▸ **RECORDS**
*** Begin section ***
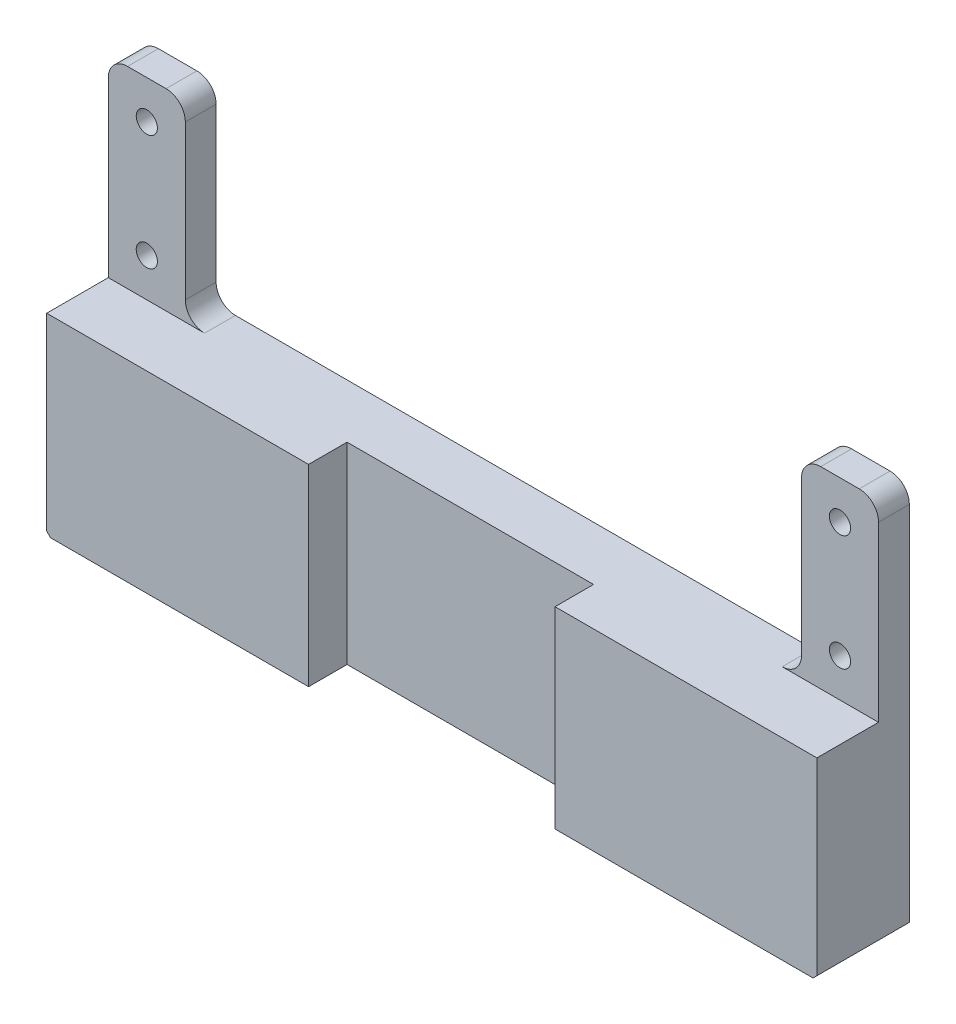
SolidWorks part; units mm, degrees
material "PE High Density"
ref_plane "Front Plane" through (0, 0, 0) normal (0, 0, 1) x (1, 0, 0)
ref_plane "Top Plane" through (0, 0, 0) normal (0, 1, 0) x (1, 0, 0)
ref_plane "Right Plane" through (0, 0, 0) normal (1, 0, 0) x (0, 0, -1)
sketch "Sketch1" plane through (0, 0, 0) normal (0, 1, 0) x (1, 0, 0)
  line L0 (-100, 8) -> (100, 8)
  line L1 (100, 8) -> (100, -16)
  line L2 (100, -16) -> (32, -16)
  line L3 (32, -16) -> (32, -6)
  line L4 (32, -6) -> (-32, -6)
  line L5 (-32, -6) -> (-32, -16)
  line L6 (-32, -16) -> (-100, -16)
  line L9 (-100, -16) -> (-100, 8)
  line L10 (0, -14.3) -> (0, 14.3) construction
  line L11 (-100, 0) -> (100, 0) construction
  point P2 (0, -6)
  point P9 (0, 0)
  dimension "D1" = 200
  dimension "D2" = 64
  dimension "D3" = 16
  dimension "D4" = 10
  dimension "D7" = 8
extrude "Boss-Extrude1" add sketch "Sketch1" against normal blind 50
sketch "Sketch2" plane through (0, 0, 0) normal (0, 1, 0) x (1, 0, 0)
  line L0 (-100, 0) -> (100, 0) construction
  line L1 (-100, 8) -> (-80, 8)
  line L2 (-100, 8) -> (-100, 0)
  line L3 (-100, 0) -> (-80, 0)
  line L4 (-80, 8) -> (-80, 0)
  line L6 (100, 8) -> (80, 8)
  line L7 (100, 8) -> (100, 0)
  line L8 (100, 0) -> (80, 0)
  line L9 (80, 8) -> (80, 0)
  dimension "D1" = 160
extrude "Boss-Extrude2" add sketch "Sketch2" along normal blind 50
hole_wizard "M5 Clearance Hole1" positions "Sketch3" profile "Sketch4" hole size "M5" standard "ANSI Metric" end condition up to next
sketch "Sketch3" plane through (0, 0, -8) normal (0, 0, -1) x (-1, 0, 0)
  line L1 (-90, 40) -> (90, 40)
  line L2 (-90, 40) -> (-90, 10)
  line L3 (-90, 10) -> (90, 10)
  line L4 (90, 40) -> (90, 10)
  line L5 (0, 13.2) -> (0, -13.2) construction
  point P1 (-90, 40)
  point P2 (90, 10)
  point P213 (-90, 10)
  point P214 (90, 40)
  point P215 (0, 10)
  dimension "D1" = 180
  dimension "D2" = 10
  dimension "D3" = 30
sketch "Sketch4" plane through (90, 40, -8) normal (1, 0, 0) x (0, 1, 0)
  line L0 (0, 0) -> (0, 8)
  line L1 (0, 8) -> (2.75, 8)
  line L2 (2.75, 8) -> (2.75, 0)
  line L5 (2.75, 0) -> (0, 0)
  line L11 (0, -6.35) -> (0, 107.95) construction
  dimension "Thru Hole Dia." = 5.5
  dimension "Thru Hole Depth" = 8
fillet "Fillet1" radius 5 6 edges at (100, 50, -4) (80, 50, -4) (-80, 50, -4) (-100, 50, -4) (80, 0, -4) (-80, 0, -4)
chamfer "Chamfer1" distance 1 2 edges at (100, -50, 4) (-100, -50, 4)
*** End section ***
▸ **INSTRUCTIONS TO FOLLOW**
Locate all lines in the listing above with the word "construction". Copy them.

▸ **THE COMPLETED TASK**
  line L10 (0, -14.3) -> (0, 14.3) construction
  line L11 (-100, 0) -> (100, 0) construction
  line L0 (-100, 0) -> (100, 0) construction
  line L5 (0, 13.2) -> (0, -13.2) construction
  line L11 (0, -6.35) -> (0, 107.95) construction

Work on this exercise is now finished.